= Barton Family Foundation =

American charity

The Barton Family Foundation is a charity established in 2005 by United States Congressman Joe Barton to provide support to "select charitable organizations" in , which Barton represents. His daughter-in-law, Amy Barton, is the Foundation's Executive Director. The foundation spent $130,000 on overhead between 2005 and 2008 and made $90,000 in donations.

The foundation drew page one attention from The New York Times when it was revealed that major energy corporations, such as the Chicago-based nuclear energy producer, Exelon Corporation, make large gifts to the Foundation. In June 2008, at a time when Barton had introduced legislation to assist corporations with the recycling of spent nuclear fuel, Barton solicited a $25,000 donation to the Foundation from Exelon. Exelon has also donated $80,000 to Barton's campaign funds.

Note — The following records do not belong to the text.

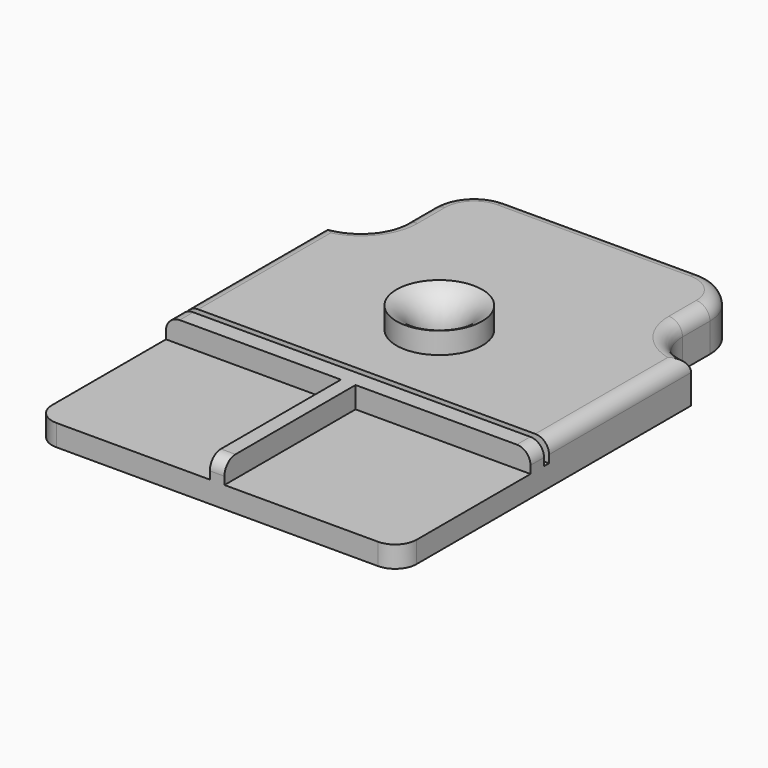
from build123d import *

# Parameters (mm, degrees)
F1_DEPTH  = 3.175
F2_R      = 1.016
F3_W      = 24.9555
F3_H      = 0.4668365944
F3_W_2    = 8.3583763037
F3_W_3    = 6.5895795759
F4_DEPTH  = 1.5875
F5_R      = 1.524
F6_DEPTH  = 25.4
F5_R_2    = 3.175
F7_DEPTH  = 1.5875
F9_W      = 1.294683665
F9_H      = 1.482822001
F10_DEPTH = 2.8222222222
F11_R     = 0.79375
F12_DEPTH = 5.08
F13_R     = 0.254
F15_DEPTH = 2.8222222222


# Not quite as in the source:
# - a fillet or chamfer that OpenCascade refuses, or shapes differently, is made with other operations: its cross-section is extruded or revolved along the edge and cut away or added


with BuildPart() as f1:
    # F0 (on Top) → F1 (new body)
    with BuildSketch(Plane.XY):
        with BuildLine():
            ThreePointArc((0, 1.5875), (0.4649679849, 0.4649679849), (1.5875, 0))
            Line((1.5875, 0), (25.4, 0))
            ThreePointArc((25.4, 0), (26.5225320151, 0.4649679849), (26.9875, 1.5875))
            Line((26.9875, 1.5875), (26.9875, 26.9875))
            ThreePointArc((26.9875, 26.9875), (24.7424359697, 27.9174359697), (23.8125, 30.1625))
            Line((23.8125, 30.1625), (23.8125, 32.7025))
            ThreePointArc((23.8125, 32.7025), (22.8825640303, 34.9475640303), (20.6375, 35.8775))
            Line((20.6375, 35.8775), (6.35, 35.8775))
            ThreePointArc((6.35, 35.8775), (4.1049359697, 34.9475640303), (3.175, 32.7025))
            Line((3.175, 32.7025), (3.175, 30.1625))
            ThreePointArc((3.175, 30.1625), (2.2450640303, 27.9174359697), (0, 26.9875))
            Line((0, 26.9875), (0, 1.5875))
        make_face()
    extrude(amount=F1_DEPTH)

    # F2
    f2_edges = [f1.edges().sort_by_distance(p)[0] for p in [
        (26.9875, 14.2875, 3.175),
        (3.175, 31.4325, 3.175),
        (2.245064, 27.917436, 3.175),
        (24.742436, 27.917436, 3.175),
        (23.8125, 31.4325, 3.175),
        (22.882564, 34.947564, 3.175),
        (13.49375, 35.8775, 3.175),
        (4.104936, 34.947564, 3.175),
    ]]
    fillet(f2_edges, radius=F2_R)

    # F3 (on face) → F4 (cut)
    with BuildSketch(Plane.XY.offset(3.175)):
        with BuildLine():
            Line((43.3063970949, 12.1285), (25.9715, 12.1285))
            Line((25.9715, 12.1285), (25.9715, 1.5875))
            ThreePointArc((25.9715, 1.5875), (25.8041115254, 1.1833884746), (25.4, 1.016))
            Line((25.4, 1.016), (14.0335, 1.016))
            Line((14.0335, 1.016), (14.0335, -10.401187452))
            Line((14.0335, -10.401187452), (43.3063970949, -10.401187452))
            Line((43.3063970949, -10.401187452), (43.3063970949, 12.1285))
        make_face()
        with BuildLine():
            Line((25.9715, 12.1285), (14.0335, 12.1285))
            Line((14.0335, 12.1285), (14.0335, 1.016))
            Line((14.0335, 1.016), (25.4, 1.016))
            ThreePointArc((25.4, 1.016), (25.8041115254, 1.1833884746), (25.9715, 1.5875))
            Line((25.9715, 1.5875), (25.9715, 12.1285))
        make_face()
        with BuildLine():
            Line((1.5875, 1.016), (12.954, 1.016))
            Line((12.954, 1.016), (12.954, 12.1285))
            Line((12.954, 12.1285), (1.016, 12.1285))
            Line((1.016, 12.1285), (1.016, 1.5875))
            ThreePointArc((1.016, 1.5875), (1.1833884746, 1.1833884746), (1.5875, 1.016))
        make_face()
        with BuildLine():
            Line((12.954, -10.9148975462), (12.954, 1.016))
            Line((12.954, 1.016), (1.5875, 1.016))
            ThreePointArc((1.5875, 1.016), (1.1833884746, 1.1833884746), (1.016, 1.5875))
            Line((1.016, 1.5875), (1.016, 12.1285))
            Line((1.016, 12.1285), (-5.5735795759, 12.1285))
            Line((-5.5735795759, 12.1285), (-5.5735795759, -10.9148975462))
            Line((-5.5735795759, -10.9148975462), (12.954, -10.9148975462))
        make_face()
        with Locations((13.49375, 13.6085897574)):
            Rectangle(F3_W, F3_H)
        with Locations((30.1506881518, 13.6085897574)):
            Rectangle(F3_W_2, F3_H)
        with Locations((-2.2787897879, 13.6085897574)):
            Rectangle(F3_W_3, F3_H)
    extrude(amount=-F4_DEPTH, mode=Mode.SUBTRACT)

    # F5 (on face) → F6 (cut)
    with BuildSketch(Plane.XY.offset(3.175)):
        with Locations((13.49375, 20.5581425011)):
            Circle(F5_R)
    extrude(amount=-F6_DEPTH, mode=Mode.SUBTRACT)

    # F5 (on face) → F7 (join)
    with BuildSketch(Plane.XY.offset(3.175)):
        with Locations((13.49375, 20.5581425011)):
            Circle(F5_R_2)
        with Locations((13.49375, 20.5581425011)):
            Circle(F5_R, mode=Mode.SUBTRACT)
    extrude(amount=F7_DEPTH)

    # F8: fillet of radius 2.54 on 1 edges, made by hand

    # F8_s1 → F8_t2 (revolve, cut)
    with BuildSketch(Plane.XZ.offset(-20.5581425011)):
        with BuildLine():
            ThreePointArc((15.01775, 2.3831557626), (15.4709270559, 3.8311785525), (16.66875, 4.7625))
            Line((16.66875, 4.7625), (15.01775, 4.7625))
            Line((15.01775, 4.7625), (15.01775, 2.3831557626))
        make_face()
    revolve(axis=Axis((13.49375, 20.5581425011, 4.7625), (0, 0, 1)), mode=Mode.SUBTRACT)

    # F9 (on face) → F10 (cut)
    with BuildSketch(Plane(origin=(0, 0, 0), x_dir=(1, 0, 0), z_dir=(0, 0, -1))):
        with BuildLine():
            ThreePointArc((15.1753826067, -15.5802866697), (17.8362583784, -17.462592513), (18.8565061088, -20.5581425011))
            Line((18.8565061088, -20.5581425011), (26.1830221862, -20.5581425011))
            Line((26.1830221862, -20.5581425011), (26.1830221862, -15.5802866697))
            Line((26.1830221862, -15.5802866697), (15.1753826067, -15.5802866697))
        make_face()
        with BuildLine():
            Line((26.1830221862, -20.5581425011), (18.8565061088, -20.5581425011))
            ThreePointArc((18.8565061088, -20.5581425011), (17.8362583784, -23.6536924892), (15.1753826067, -25.5359983325))
            Line((15.1753826067, -25.5359983325), (24.8883385211, -25.5359983325))
            Line((24.8883385211, -25.5359983325), (24.8883385211, -24.0531763315))
            Line((24.8883385211, -24.0531763315), (26.1830221862, -24.0531763315))
            Line((26.1830221862, -24.0531763315), (26.1830221862, -20.5581425011))
        make_face()
        with Locations((25.5356803536, -24.794587332)):
            Rectangle(F9_W, F9_H)
        with BuildLine():
            Line((12.1251240555, -15.5802866697), (1.117484476, -15.5802866697))
            Line((1.117484476, -15.5802866697), (1.117484476, -20.5581425011))
            Line((1.117484476, -20.5581425011), (1.117484476, -25.5359983325))
            Line((1.117484476, -25.5359983325), (12.1251240555, -25.5359983325))
            ThreePointArc((12.1251240555, -25.5359983325), (8.4440005534, -20.5581425011), (12.1251240555, -15.5802866697))
        make_face()
    extrude(amount=-F10_DEPTH, mode=Mode.SUBTRACT)

    # F11 (on face) → F12 (join)
    with BuildSketch(Plane(origin=(0, 0, 2.8222222222), x_dir=(1, 0, 0), z_dir=(0, 0, -1))):
        with Locations((22.4790647626, -20.5581425011)):
            Circle(F11_R)
        with Locations((4.8214418996, -21.3518925011)):
            Circle(F11_R)
    extrude(amount=F12_DEPTH)

    # F13
    f13_edges = [f1.edges().sort_by_distance(p)[0] for p in [
        (21.685315, 20.558143, -2.257778),
        (4.027692, 21.351893, -2.257778),
    ]]
    fillet(f13_edges, radius=F13_R)

    # F14 (on face) → F15 (cut)
    with BuildSketch(Plane(origin=(0, 0, 0), x_dir=(1, 0, 0), z_dir=(0, 0, -1))):
        with BuildLine():
            Line((10.4354891836, -27.7508334085), (3.8518141955, -27.7508334085))
            Line((3.8518141955, -27.7508334085), (3.8518141955, -29.2588919401))
            ThreePointArc((3.8518141955, -29.2588919401), (7.5132373167, -33.3483248509), (12.7214891836, -35.0814126432))
            Line((12.7214891836, -35.0814126432), (12.7214891836, -30.0368334085))
            ThreePointArc((12.7214891836, -30.0368334085), (12.0519352854, -28.4203873067), (10.4354891836, -27.7508334085))
        make_face()
        with BuildLine():
            ThreePointArc((14.0368680542, -35.0814126432), (19.2451199211, -33.3483248509), (22.9065430423, -29.2588919401))
            Line((22.9065430423, -29.2588919401), (22.9065430423, -27.7508334085))
            Line((22.9065430423, -27.7508334085), (16.3228680542, -27.7508334085))
            ThreePointArc((16.3228680542, -27.7508334085), (14.7064219524, -28.4203873067), (14.0368680542, -30.0368334085))
            Line((14.0368680542, -30.0368334085), (14.0368680542, -35.0814126432))
        make_face()
    extrude(amount=-F15_DEPTH, mode=Mode.SUBTRACT)


solid = f1.part

According to a 2008 story in The New York Times, the foundation pledged $400,000 to the local Boys and Girls Club to help build a $1.2 million clubhouse. The Washington Times reported in 2009 that the foundation gave only $90,000 for the clubhouse. The foundation also pledged $500,000 for a local Meals on Wheels group. Although the foundation made no direct gifts to that charity, Energy Future Holdings and BNSF Railway gave $35,000 in the foundation's name. Both companies have also supported Barton election campaigns.

The donations by major energy corporations led to an investigation by the Office of Congressional Ethics in 2009. Barton was cleared of unethical conduct charges.